Stored data entries:
-------------------------

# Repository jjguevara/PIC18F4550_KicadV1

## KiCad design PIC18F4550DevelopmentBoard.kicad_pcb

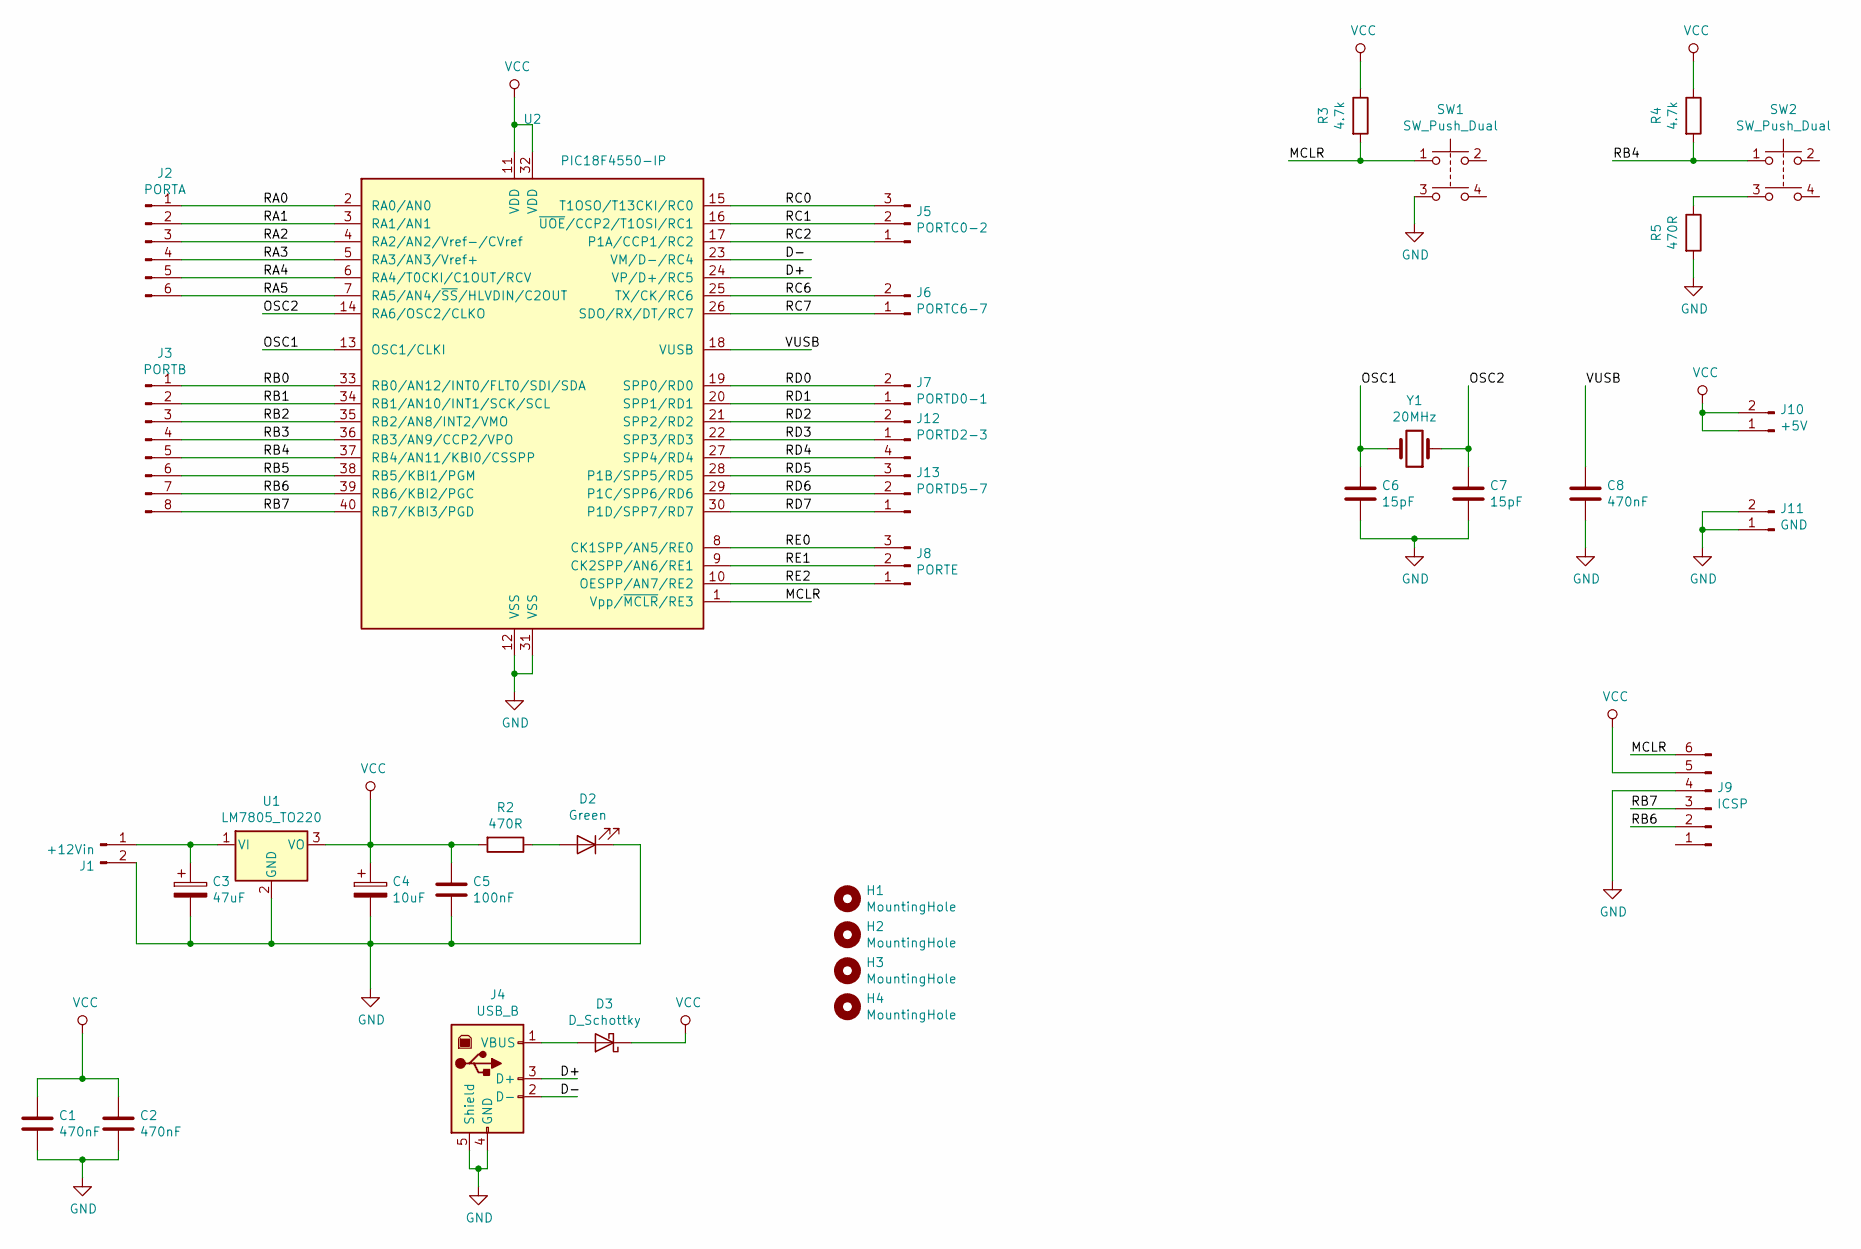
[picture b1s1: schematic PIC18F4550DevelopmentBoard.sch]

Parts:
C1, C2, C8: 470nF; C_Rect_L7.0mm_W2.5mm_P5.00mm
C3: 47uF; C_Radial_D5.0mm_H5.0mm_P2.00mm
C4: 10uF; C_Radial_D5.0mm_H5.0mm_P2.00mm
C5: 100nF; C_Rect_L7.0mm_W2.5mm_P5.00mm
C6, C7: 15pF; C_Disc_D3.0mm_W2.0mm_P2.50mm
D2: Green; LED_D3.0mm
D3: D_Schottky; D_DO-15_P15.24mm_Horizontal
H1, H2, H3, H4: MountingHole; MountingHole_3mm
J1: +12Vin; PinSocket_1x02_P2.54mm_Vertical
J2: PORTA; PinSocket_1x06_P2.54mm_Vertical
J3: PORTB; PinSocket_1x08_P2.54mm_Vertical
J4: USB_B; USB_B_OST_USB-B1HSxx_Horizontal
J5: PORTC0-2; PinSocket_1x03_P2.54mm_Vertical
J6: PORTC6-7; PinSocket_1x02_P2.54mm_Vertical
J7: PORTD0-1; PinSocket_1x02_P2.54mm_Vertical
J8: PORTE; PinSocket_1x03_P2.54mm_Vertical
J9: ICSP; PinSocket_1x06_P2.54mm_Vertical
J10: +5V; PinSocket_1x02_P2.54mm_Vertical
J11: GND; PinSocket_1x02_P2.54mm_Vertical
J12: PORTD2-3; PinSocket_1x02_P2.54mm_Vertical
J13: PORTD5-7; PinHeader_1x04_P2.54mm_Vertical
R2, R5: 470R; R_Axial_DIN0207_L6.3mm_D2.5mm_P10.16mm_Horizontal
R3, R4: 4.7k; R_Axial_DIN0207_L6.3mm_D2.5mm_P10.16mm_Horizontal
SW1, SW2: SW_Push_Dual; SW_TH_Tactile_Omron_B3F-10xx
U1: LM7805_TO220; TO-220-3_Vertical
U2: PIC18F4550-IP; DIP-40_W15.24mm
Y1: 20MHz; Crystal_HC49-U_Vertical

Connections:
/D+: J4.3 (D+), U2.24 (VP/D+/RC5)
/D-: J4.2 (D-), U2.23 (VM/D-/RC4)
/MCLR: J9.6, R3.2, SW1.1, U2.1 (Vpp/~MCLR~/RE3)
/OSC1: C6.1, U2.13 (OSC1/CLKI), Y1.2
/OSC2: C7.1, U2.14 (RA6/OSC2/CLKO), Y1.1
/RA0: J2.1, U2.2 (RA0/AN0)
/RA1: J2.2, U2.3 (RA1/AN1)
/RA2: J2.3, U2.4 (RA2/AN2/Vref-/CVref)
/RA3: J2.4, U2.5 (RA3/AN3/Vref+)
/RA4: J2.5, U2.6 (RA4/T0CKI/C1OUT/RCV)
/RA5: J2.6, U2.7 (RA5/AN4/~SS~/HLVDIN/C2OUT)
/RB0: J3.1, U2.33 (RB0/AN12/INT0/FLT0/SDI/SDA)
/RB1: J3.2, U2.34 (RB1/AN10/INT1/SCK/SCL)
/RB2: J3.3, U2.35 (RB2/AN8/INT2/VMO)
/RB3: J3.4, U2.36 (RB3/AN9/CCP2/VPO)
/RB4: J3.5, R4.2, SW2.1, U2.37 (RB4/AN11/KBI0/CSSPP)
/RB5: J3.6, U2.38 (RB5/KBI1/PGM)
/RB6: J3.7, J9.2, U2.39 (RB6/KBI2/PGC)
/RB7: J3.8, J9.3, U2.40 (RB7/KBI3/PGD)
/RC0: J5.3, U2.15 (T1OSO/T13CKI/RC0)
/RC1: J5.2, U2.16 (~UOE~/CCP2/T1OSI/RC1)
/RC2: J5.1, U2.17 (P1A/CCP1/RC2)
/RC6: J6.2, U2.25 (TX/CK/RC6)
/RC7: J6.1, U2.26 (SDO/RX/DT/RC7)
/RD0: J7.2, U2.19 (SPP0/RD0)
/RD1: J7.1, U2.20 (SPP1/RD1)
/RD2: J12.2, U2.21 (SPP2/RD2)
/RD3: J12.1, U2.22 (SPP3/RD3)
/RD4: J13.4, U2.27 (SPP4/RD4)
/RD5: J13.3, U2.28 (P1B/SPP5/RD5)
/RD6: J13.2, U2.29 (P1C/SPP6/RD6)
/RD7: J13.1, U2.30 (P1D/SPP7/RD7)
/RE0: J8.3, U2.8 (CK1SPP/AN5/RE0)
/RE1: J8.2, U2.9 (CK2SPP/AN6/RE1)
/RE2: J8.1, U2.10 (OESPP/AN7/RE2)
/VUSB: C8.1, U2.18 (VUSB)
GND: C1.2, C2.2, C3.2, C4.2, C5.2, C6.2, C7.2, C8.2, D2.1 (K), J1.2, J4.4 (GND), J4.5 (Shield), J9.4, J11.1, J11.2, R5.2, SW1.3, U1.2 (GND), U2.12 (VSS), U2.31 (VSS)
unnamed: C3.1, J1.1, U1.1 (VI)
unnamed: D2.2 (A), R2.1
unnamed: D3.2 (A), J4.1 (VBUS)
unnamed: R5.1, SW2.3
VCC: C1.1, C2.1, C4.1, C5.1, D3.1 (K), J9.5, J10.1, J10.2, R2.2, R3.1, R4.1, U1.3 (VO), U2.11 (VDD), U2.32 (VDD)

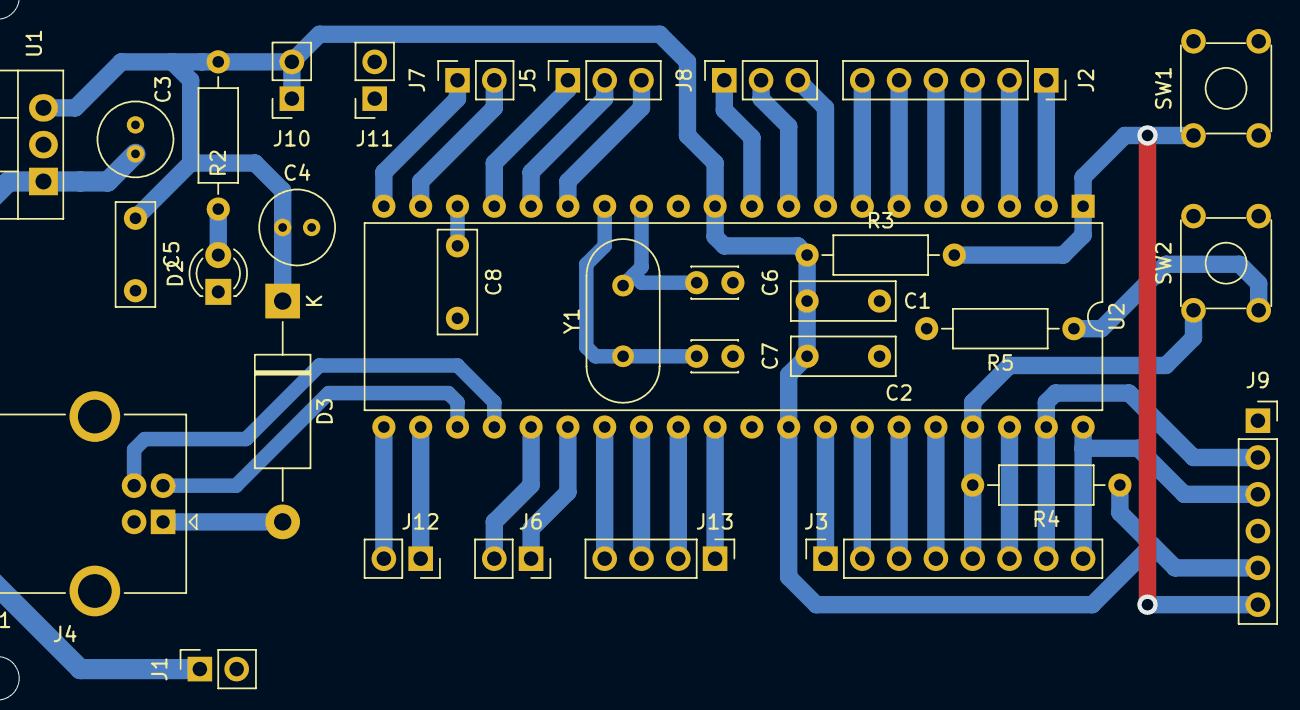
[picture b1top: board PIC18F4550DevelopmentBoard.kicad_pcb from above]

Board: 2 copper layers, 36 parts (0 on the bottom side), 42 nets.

-------------------------

Set down a word-for-word copy of the records, dropping any picture.

# Repository jjguevara/PIC18F4550_KicadV1

## KiCad design PIC18F4550DevelopmentBoard.kicad_pcb

[picture b1s1: schematic PIC18F4550DevelopmentBoard.sch]

Parts:
C1, C2, C8: 470nF; C_Rect_L7.0mm_W2.5mm_P5.00mm
C3: 47uF; C_Radial_D5.0mm_H5.0mm_P2.00mm
C4: 10uF; C_Radial_D5.0mm_H5.0mm_P2.00mm
C5: 100nF; C_Rect_L7.0mm_W2.5mm_P5.00mm
C6, C7: 15pF; C_Disc_D3.0mm_W2.0mm_P2.50mm
D2: Green; LED_D3.0mm
D3: D_Schottky; D_DO-15_P15.24mm_Horizontal
H1, H2, H3, H4: MountingHole; MountingHole_3mm
J1: +12Vin; PinSocket_1x02_P2.54mm_Vertical
J2: PORTA; PinSocket_1x06_P2.54mm_Vertical
J3: PORTB; PinSocket_1x08_P2.54mm_Vertical
J4: USB_B; USB_B_OST_USB-B1HSxx_Horizontal
J5: PORTC0-2; PinSocket_1x03_P2.54mm_Vertical
J6: PORTC6-7; PinSocket_1x02_P2.54mm_Vertical
J7: PORTD0-1; PinSocket_1x02_P2.54mm_Vertical
J8: PORTE; PinSocket_1x03_P2.54mm_Vertical
J9: ICSP; PinSocket_1x06_P2.54mm_Vertical
J10: +5V; PinSocket_1x02_P2.54mm_Vertical
J11: GND; PinSocket_1x02_P2.54mm_Vertical
J12: PORTD2-3; PinSocket_1x02_P2.54mm_Vertical
J13: PORTD5-7; PinHeader_1x04_P2.54mm_Vertical
R2, R5: 470R; R_Axial_DIN0207_L6.3mm_D2.5mm_P10.16mm_Horizontal
R3, R4: 4.7k; R_Axial_DIN0207_L6.3mm_D2.5mm_P10.16mm_Horizontal
SW1, SW2: SW_Push_Dual; SW_TH_Tactile_Omron_B3F-10xx
U1: LM7805_TO220; TO-220-3_Vertical
U2: PIC18F4550-IP; DIP-40_W15.24mm
Y1: 20MHz; Crystal_HC49-U_Vertical

Connections:
/D+: J4.3 (D+), U2.24 (VP/D+/RC5)
/D-: J4.2 (D-), U2.23 (VM/D-/RC4)
/MCLR: J9.6, R3.2, SW1.1, U2.1 (Vpp/~MCLR~/RE3)
/OSC1: C6.1, U2.13 (OSC1/CLKI), Y1.2
/OSC2: C7.1, U2.14 (RA6/OSC2/CLKO), Y1.1
/RA0: J2.1, U2.2 (RA0/AN0)
/RA1: J2.2, U2.3 (RA1/AN1)
/RA2: J2.3, U2.4 (RA2/AN2/Vref-/CVref)
/RA3: J2.4, U2.5 (RA3/AN3/Vref+)
/RA4: J2.5, U2.6 (RA4/T0CKI/C1OUT/RCV)
/RA5: J2.6, U2.7 (RA5/AN4/~SS~/HLVDIN/C2OUT)
/RB0: J3.1, U2.33 (RB0/AN12/INT0/FLT0/SDI/SDA)
/RB1: J3.2, U2.34 (RB1/AN10/INT1/SCK/SCL)
/RB2: J3.3, U2.35 (RB2/AN8/INT2/VMO)
/RB3: J3.4, U2.36 (RB3/AN9/CCP2/VPO)
/RB4: J3.5, R4.2, SW2.1, U2.37 (RB4/AN11/KBI0/CSSPP)
/RB5: J3.6, U2.38 (RB5/KBI1/PGM)
/RB6: J3.7, J9.2, U2.39 (RB6/KBI2/PGC)
/RB7: J3.8, J9.3, U2.40 (RB7/KBI3/PGD)
/RC0: J5.3, U2.15 (T1OSO/T13CKI/RC0)
/RC1: J5.2, U2.16 (~UOE~/CCP2/T1OSI/RC1)
/RC2: J5.1, U2.17 (P1A/CCP1/RC2)
/RC6: J6.2, U2.25 (TX/CK/RC6)
/RC7: J6.1, U2.26 (SDO/RX/DT/RC7)
/RD0: J7.2, U2.19 (SPP0/RD0)
/RD1: J7.1, U2.20 (SPP1/RD1)
/RD2: J12.2, U2.21 (SPP2/RD2)
/RD3: J12.1, U2.22 (SPP3/RD3)
/RD4: J13.4, U2.27 (SPP4/RD4)
/RD5: J13.3, U2.28 (P1B/SPP5/RD5)
/RD6: J13.2, U2.29 (P1C/SPP6/RD6)
/RD7: J13.1, U2.30 (P1D/SPP7/RD7)
/RE0: J8.3, U2.8 (CK1SPP/AN5/RE0)
/RE1: J8.2, U2.9 (CK2SPP/AN6/RE1)
/RE2: J8.1, U2.10 (OESPP/AN7/RE2)
/VUSB: C8.1, U2.18 (VUSB)
GND: C1.2, C2.2, C3.2, C4.2, C5.2, C6.2, C7.2, C8.2, D2.1 (K), J1.2, J4.4 (GND), J4.5 (Shield), J9.4, J11.1, J11.2, R5.2, SW1.3, U1.2 (GND), U2.12 (VSS), U2.31 (VSS)
unnamed: C3.1, J1.1, U1.1 (VI)
unnamed: D2.2 (A), R2.1
unnamed: D3.2 (A), J4.1 (VBUS)
unnamed: R5.1, SW2.3
VCC: C1.1, C2.1, C4.1, C5.1, D3.1 (K), J9.5, J10.1, J10.2, R2.2, R3.1, R4.1, U1.3 (VO), U2.11 (VDD), U2.32 (VDD)

[picture b1top: board PIC18F4550DevelopmentBoard.kicad_pcb from above]

Board: 2 copper layers, 36 parts (0 on the bottom side), 42 nets.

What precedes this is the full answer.